Eitana sintió cómo la soledad la estrangulaba y, de súbito, en su mente palpitó la tristeza, porque nada más llegar tuvo la sensación de que aquel ya no era su lugar. Entonces tuvo miedo de preguntar por sus otros hermanos. Pero lo hizo.

—¿Dónde están Atzel y Benami?

Sara la miró con compasión, imaginando que ya sabía que su madre había muerto.

—Nada sabemos de ellos, Eitana. Hace un año se fueron con un grupo de rebeldes. Joel trató de convencerlos y les recordó el destino de su padre. Pero ellos estaban demasiado influenciados por unos sicarios de Gamala, y se fueron con ellos.

—¿A qué?

—No es difícil imaginarlo. En Julias cada vez hay más tensión. Cada vez hay más jóvenes como tus hermanos que piensan en liberar a Israel. Algunos lo hacen en silencio, pero otros corren para esconderse en los caminos, reclutando hombres para luchar contra los legionarios.

Eitana frunció el ceño y negó con la cabeza.

—¡Es una estupidez! —dijo al fin.

—Lo siento, de verdad. —Luego agregó—: Y tu madre…

—Ya lo sé, Sara.

—Fue muy difícil para ella también que tu padre y tú desaparecieseis a la vez.

—Imagino —le dijo con el recelo atascado en su pecho—. ¿Cómo murió?

—De cansancio, Eitana.
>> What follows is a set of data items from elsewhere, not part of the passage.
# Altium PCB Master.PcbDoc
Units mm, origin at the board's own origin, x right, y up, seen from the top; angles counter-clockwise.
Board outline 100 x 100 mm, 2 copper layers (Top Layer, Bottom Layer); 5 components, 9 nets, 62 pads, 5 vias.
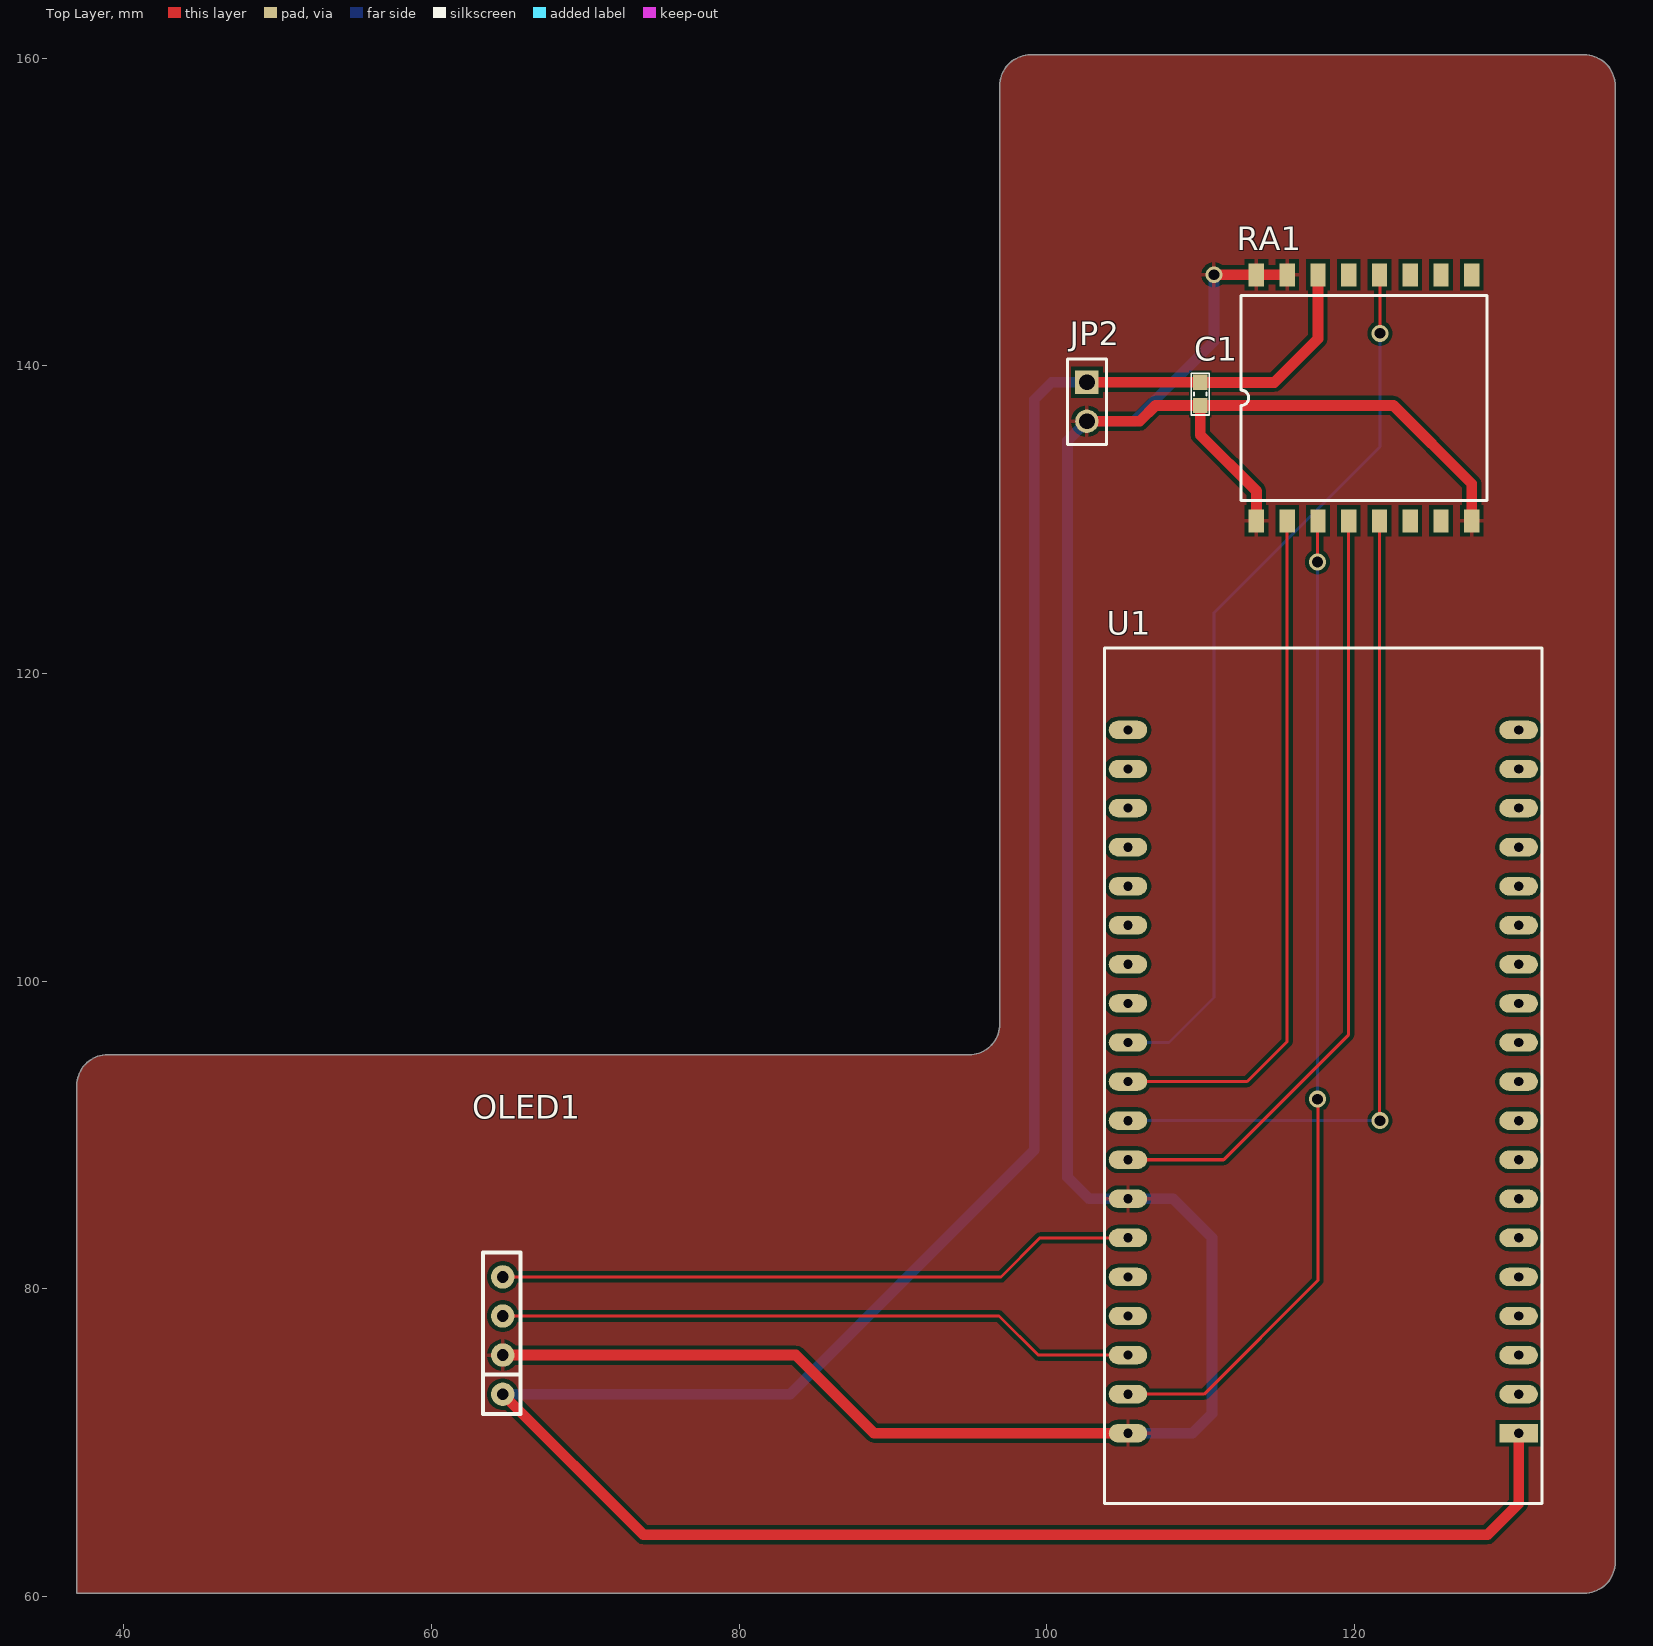
[diagram p0: Top Layer view]
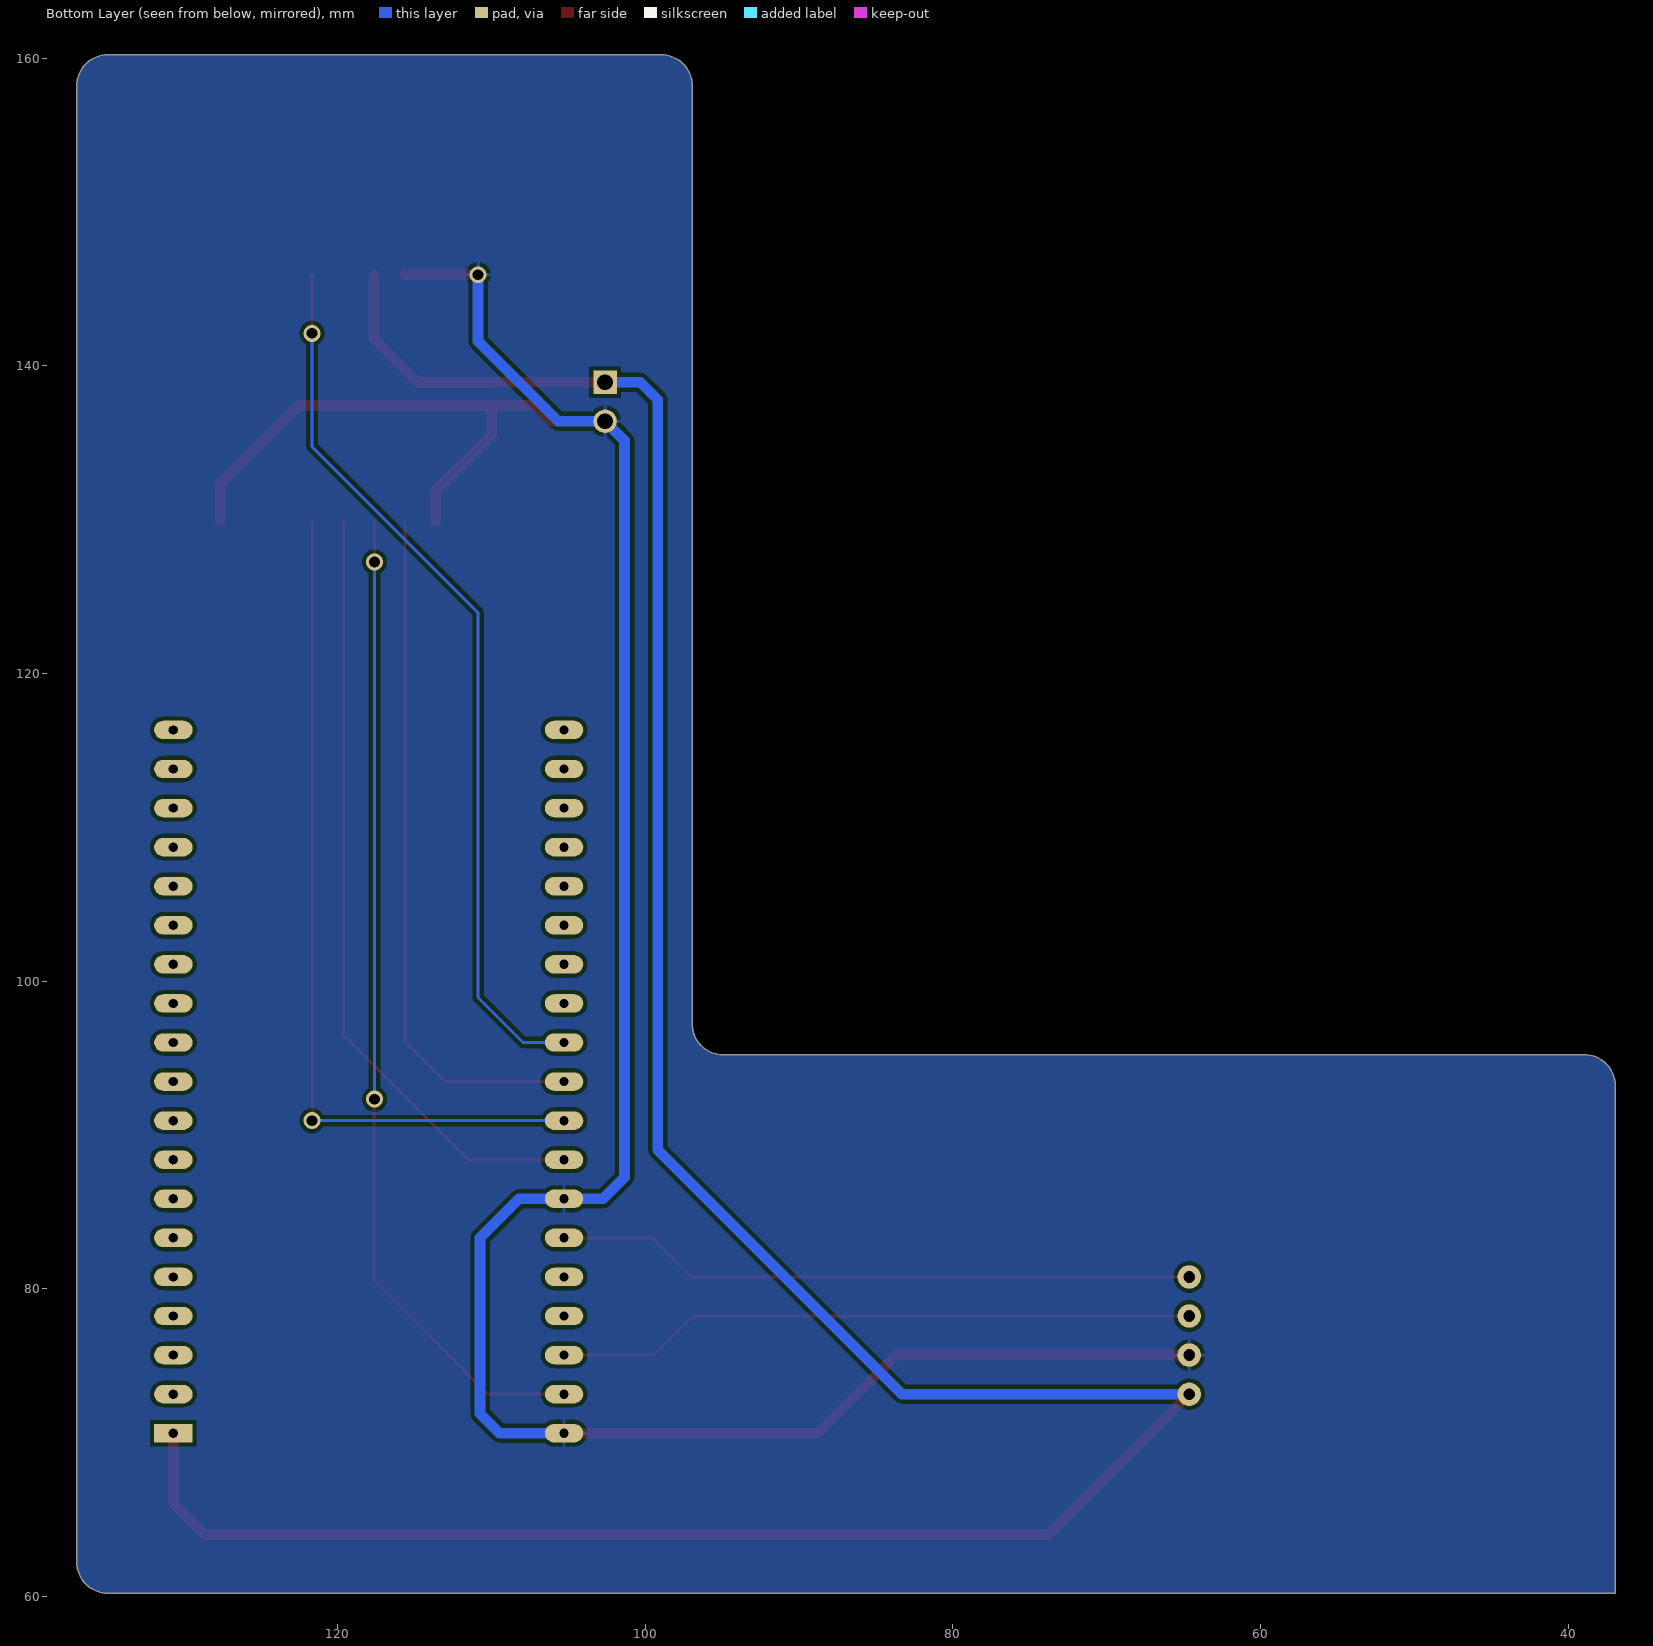
[diagram p1: Bottom Layer view, seen from below]
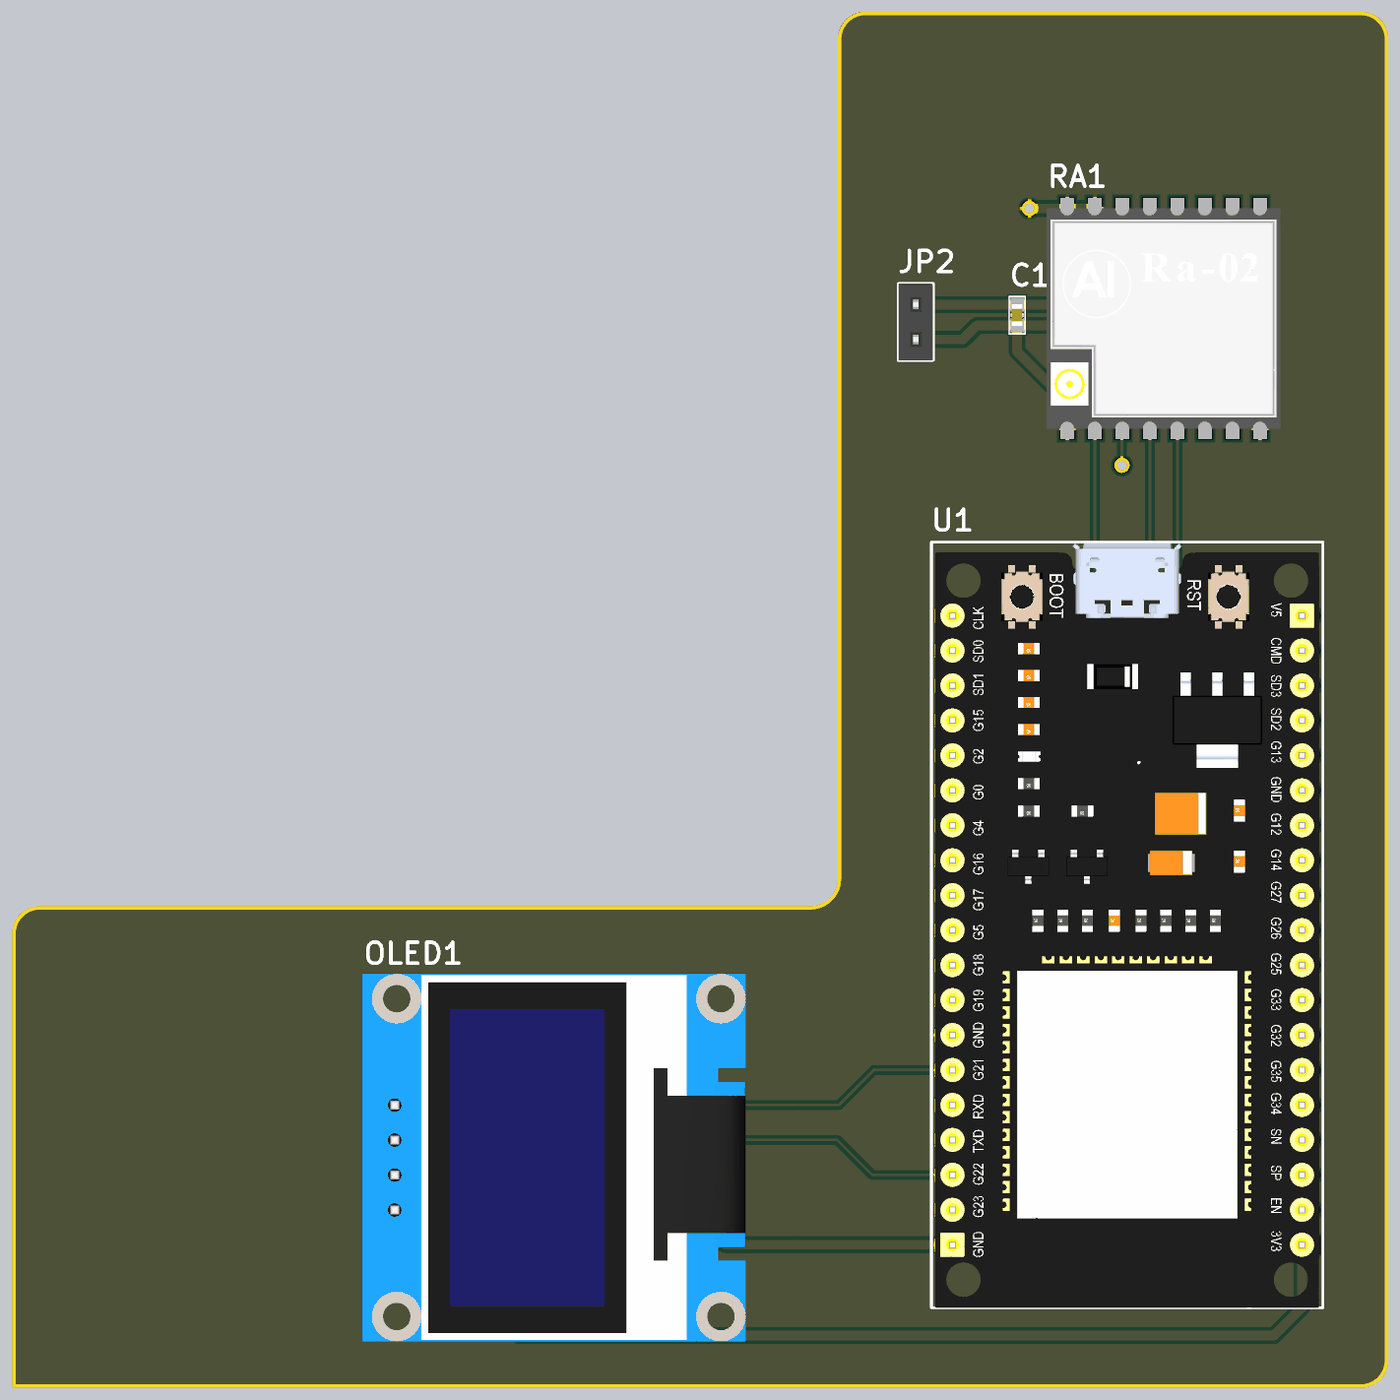
[diagram p2: 3D render of the assembled board from above, using the file's embedded part models]

## Layer stack, top to bottom
Top Solder: solder mask 0.0102, Solder Resist, Dk 3.5
Top Layer: signal copper 0.0356
Dielectric 1: dielectric 0.32, FR-4, Dk 4.8
Bottom Layer: signal copper 0.0356
Bottom Solder: solder mask 0.0102, Solder Resist, Dk 3.5

## Board outline
36.953,60.217 36.953,93.217 cw(c38.953,93.217) 38.953,95.217 94.953,95.217 ccw(c94.953,97.217) 96.953,97.217 96.953,158.217 cw(c98.953,158.217) 98.953,160.217 134.953,160.217 cw(c134.953,158.217) 136.953,158.217 136.953,62.217 cw(c134.953,62.217) 134.953,60.217

## Design rules (kind name [scope] priority, off if disabled: settings)
Clearance [All] p1: gap=0.254 ignorepadtopadclearanceinfootprint=FALSE except(0: Arc-Hole Track-Hole SMDPad-Hole THPad-Hole Via-Hole Fill-Hole Poly-Hole Region-Hole Text-Hole)
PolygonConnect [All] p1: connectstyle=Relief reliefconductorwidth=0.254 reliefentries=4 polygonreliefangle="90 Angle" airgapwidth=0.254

Tuvo que trabajar mucho. Hace un par de inviernos el frío se le quedó dentro, y no pudo soportarlo. Murió tosiendo sangre. La cuidé todo lo que pude, pero no sabíamos cómo curarla. Perdóname.

—No tengo nada que perdonarte. Tú has hecho todo lo que has podido, y yo… —se interrumpió un instante—. Y yo también.

Allí de pie, Eitana sintió que su mundo se tambaleaba, y que el día que se la llevaron de allí no solo acabaron con su niñez, sino también con sus raíces. Fue en aquel momento cuando estuvo completamente segura de ello.

—¿Qué ha sido de ti durante todos estos años? —le preguntó Sara.